De Maeseneer et al, in their commentary on the aims of the NCD Alliance, agree that a fundamentally different approach is required for preventing and controlling NCDs but disagree that the vertical, disease-orientated approach advocated by the Alliance is the best way to approach the problem.6 They note that altering patient perceptions and behaviours are key aims in preventing and treating NCDs and that this process requires more than just access to medicines. They believe that it is necessary to empower patients, reduce barriers to healthy lifestyles and care that reflects the needs of individual patients and that this is best achieved by global investment in local primary healthcare.

And the outcome of the session at the WHA65? A target to reduce premature deaths due to NCDs by 25% by 2025 – this is a massive target (and an incredible achievement for the NCD Alliance).

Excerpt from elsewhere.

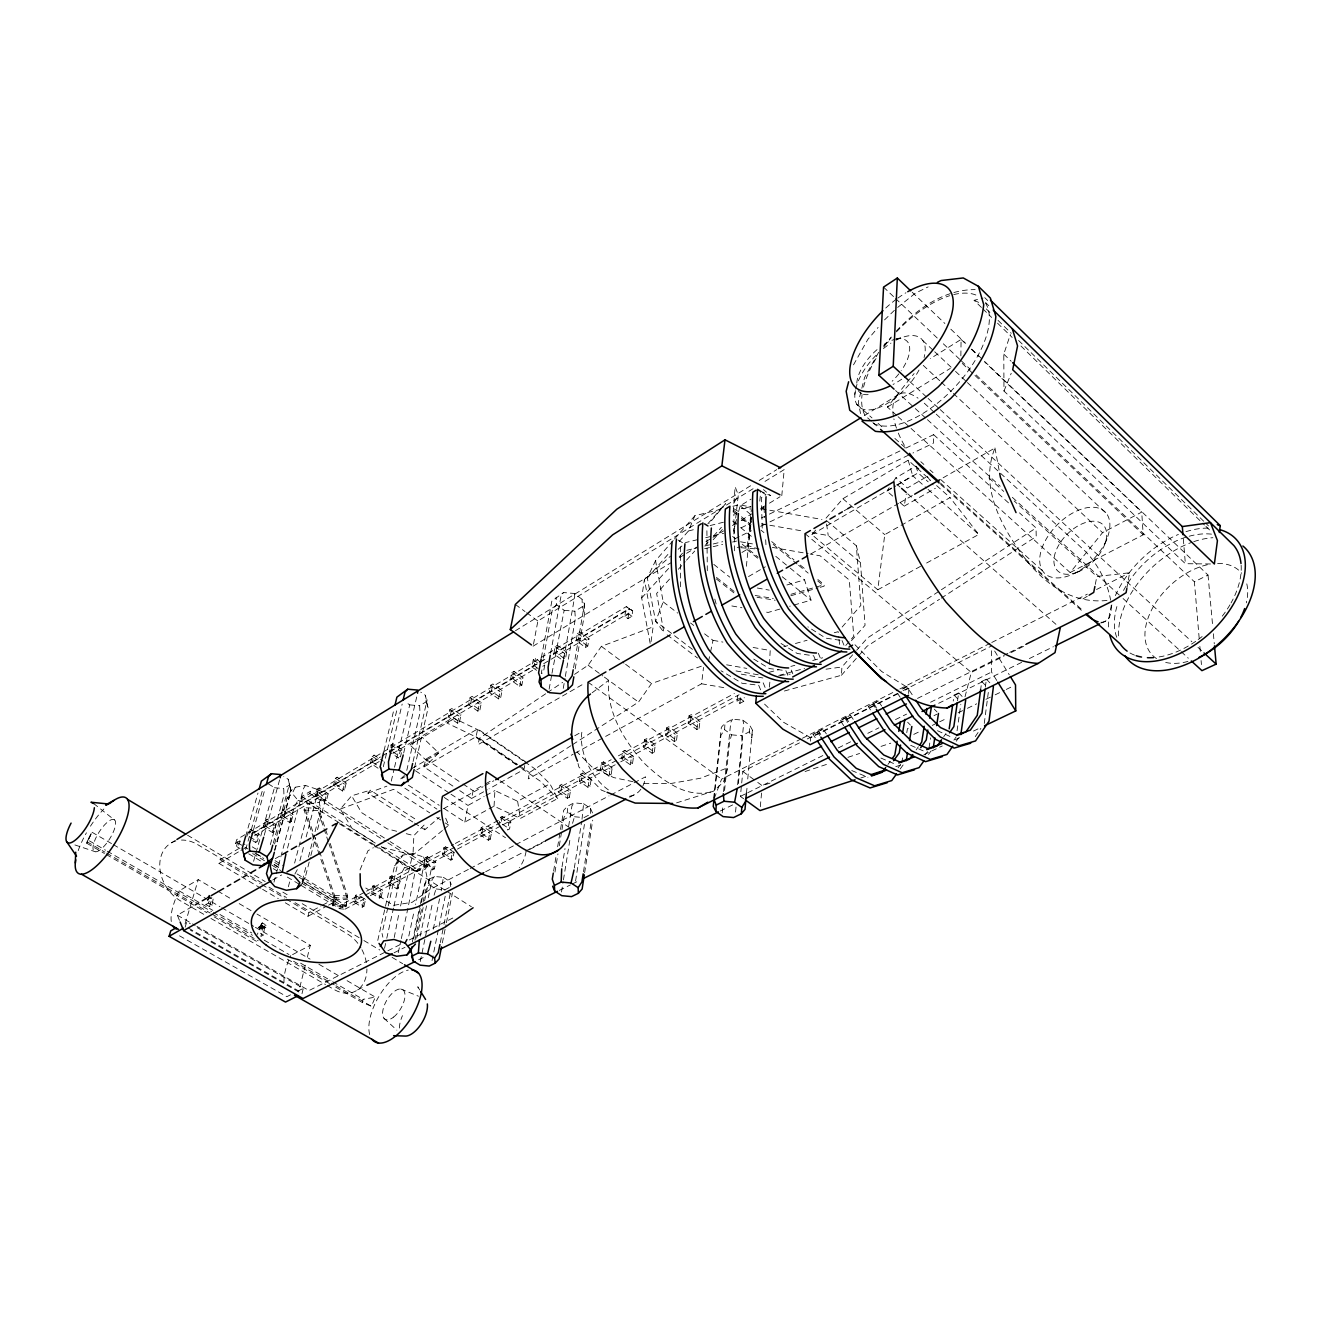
<?xml version="1.0" encoding="UTF-8"?>
<svg xmlns="http://www.w3.org/2000/svg" width="1321" height="1321" viewBox="0 0 1321 1321"><rect width="100%" height="100%" fill="white"/><g stroke="black" fill="none" stroke-linecap="round" stroke-linejoin="round"><path stroke-width="0.75" stroke-dasharray="5 3.75" d="M996.777 680.497L991.51 672.059L991.526 647.984M330.167 843.359L347.654 895.968L346.036 906.404L332.875 905.793L334.51 895.374L304.672 807.758L318.526 808.303L327.591 835.582M960.862 355.844L961.094 339.447L930.298 358.635M420.474 903.614L424.768 883.485L428.565 879.571L434.411 876.483L443.361 877.326L441.214 890.783M905.859 448.1L933.617 434.659L933.386 443.195L912.96 453.02M908.65 693.525L908.815 688.241L881.635 671.481L854.39 644.169M381.868 847.24L412.978 855.05L413.869 835.615L424.239 824.915L424.834 829.737L439.332 817.27M733.155 512.102L735.12 486.789L738.29 494.863L733.898 534.047M494.054 806.173L494.913 790.569L517.634 801.286L549.916 783.815L557.759 798.511L520.309 818.475L494.054 806.173L464.843 822.091L440.917 806.454M714.116 798.363L720.919 735.351L724.602 729.671L724.965 723.198L732.495 719.235L742.798 720.127L749.75 725.361L752.409 729.968L751.831 738.043L749.288 731.817L749.75 725.361M769.433 664.397L770.209 650.51L750.493 646.993M784.377 691.015L841.411 675.279L841.923 666.989L855.348 651.732M820.176 587.317L824.089 586.194L824.188 584.708L817.831 579.49M810.434 741.197L810.681 737.729L897.917 693.74M760.318 806.751L761.87 789.529M769.383 687.135L769.945 680.976M781.784 495.689L784.212 469.582L763.241 482.479M746.365 793.26L747.158 786.953M747.736 778.961L752.409 729.968M743.657 798.759L740.387 796.381L741.51 784.889M741.708 782.957L742.831 771.464L799.932 742.65M737.613 784.707L743.69 723.429L742.798 720.127M735.533 812.068L736.144 805.959M738.356 783.584L742.385 742.914L741.758 735.731L749.288 731.817M746.382 566.263L751.335 517.221M739.909 703.366L740.47 697.835L737.58 695.639L737.002 701.17L739.909 703.366L743.855 701.269L744.235 697.571M737.002 701.17L740.949 699.057L741.329 695.374M759.79 501.088L760.797 491.28L770.754 495.738L763.455 489.612M737.201 547.422L748.28 545.755L751.368 516.346M723.528 791.675L730.794 722.306L732.495 719.235M722.224 812.91L722.851 806.817M724.552 790.569L729.638 741.791L731.553 734.839L724.602 729.671M713.654 798.545L721.365 727.277L724.965 723.198M741.923 552.492L746.959 549.503L751.319 510.005M377.773 940.387L394.599 865.849L398.826 858.7L402.872 855.1L412.895 853.515L423.645 857.032L428.747 863.554L425.263 869.218L415.289 870.754L408.305 906.404M699.123 728.3L699.981 721.018L691.312 714.611L689.034 715.833L688.158 723.099L696.844 729.506L699.123 728.3L690.437 721.893L691.312 714.611M394.236 937.514L398.826 913.884M574.949 753.234L701.583 683.783L703.515 667.419M696.844 729.506L697.703 722.24L699.981 721.018M676.517 740.305L677.425 733.056L668.773 726.732L666.544 727.937L665.602 735.186L674.271 741.494L676.517 740.305L667.832 733.981L668.773 726.732M274.57 843.954L287.004 798.495L290.802 790.751L295.293 787.217L305.432 785.45L316.66 789.165L322.341 796.167L319.187 802.293L309.131 804.027L308.156 811.721L294.616 863.059M674.271 741.494L675.196 734.261L677.425 733.056M815.684 530.101L811.788 534.592L877.771 589.76L884.756 534.642L950.063 497.604L978.762 534.46L924.667 564.084M985.35 687.135L986.391 679.159L981.734 681.454L980.677 689.43M984.277 723.429L988.504 690.883M654.324 752.095L655.282 744.879L646.646 738.654L644.45 739.826L643.459 747.042L652.128 753.267L654.324 752.095L645.655 745.87L646.646 738.654M652.128 753.267L653.086 746.051L655.282 744.879M264.679 926.434L262.978 927.359L260.864 936.457L263.506 935.02L264.679 926.434L262.433 925.129L260.749 926.054L257.347 934.409M630.365 764.809L631.388 757.643L633.535 756.487L624.916 750.345L622.769 751.5L621.712 758.683L630.365 764.809L632.511 763.67L633.535 756.487M651.055 641.626L653.135 626.864L644.417 579.391L670.49 556.158M957.065 730.761L960.829 704.407M957.527 700.79L958.666 692.831L954.092 695.094L953.234 701.038M621.712 758.683L623.875 757.527L624.916 750.345M650.163 643.344L641.676 597.934L644.417 579.391M627.97 618.624L628.813 613.076L625.675 610.698L624.833 616.246L627.97 618.624L631.884 616.313L632.709 610.748L626.303 606.62L236.756 839.578L235.666 843.343L236.442 846.414L239.96 848.528M608.998 776.17L610.054 769.02L612.184 767.881L603.565 761.837L601.451 762.977L600.361 770.126L608.998 776.17L611.111 775.031L612.184 767.881M624.833 616.246L628.746 613.918L629.589 608.37M583.486 871.81L591.296 821.068M584.625 872.818L592.716 820.143M600.361 770.126L602.475 768.987L603.565 761.837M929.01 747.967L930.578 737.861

Speaking personally, though, I was struck by the lack of any reference to the need for innovation in the approach to the prevention and control of NCDs. We know what the causes are, we know how to prevent NCDs and, as the Alliance has pointed out, medicines are available – but still their prevalence is increasing in countries with well-funded healthcare services and in countries without.

De Maeseneer et al, whose paper was published before WHO assembly, say that: ‘We must fundamentally rethink the way that we address complexity in health problems, in both developed and developing countries.’ And I agree with them.


1. IDF, UICC, International Heart Federation. Time to act: The global emergency of non-communicable diseases (2009). Available at: http://www.world-heart-federation.org/fileadmin/user_upload/documents/Publications/Time%20to%20Act%20-%20High%20Res.pdf

2. UN News Center. UN launches global campaign to curb death toll from non-communicable diseases (19 September 2011). Available at: http://www.un.org/apps/news/story.asp?NewsID=39600&Cr=non+communicable+diseases

3. World Health Organization. World health statistics 2010 (2011). Available at: http://www.who.int/whosis/whostat/EN_WHS10_Full.pdf

4. World Health Organization. World health statistics 2012 (May 2012). Available at: http://www.who.int/gho/publications/world_health_statistics/EN_WHS2012_Brochure.pdf

5. World Health Organization. Sixty-fifth World Health Assembly: daily notes on proceedings. (Tuesday 22nd May, 2012). Available at: http://www.who.int/mediacentre/events/2012/wha65/journal/en/index4.html

6. De Maeseneer J, Roberts RG, Demarzo M et al. Tackling NCDs: a different approach is needed. Lancet 2012;379:1860–1. (Free registration.)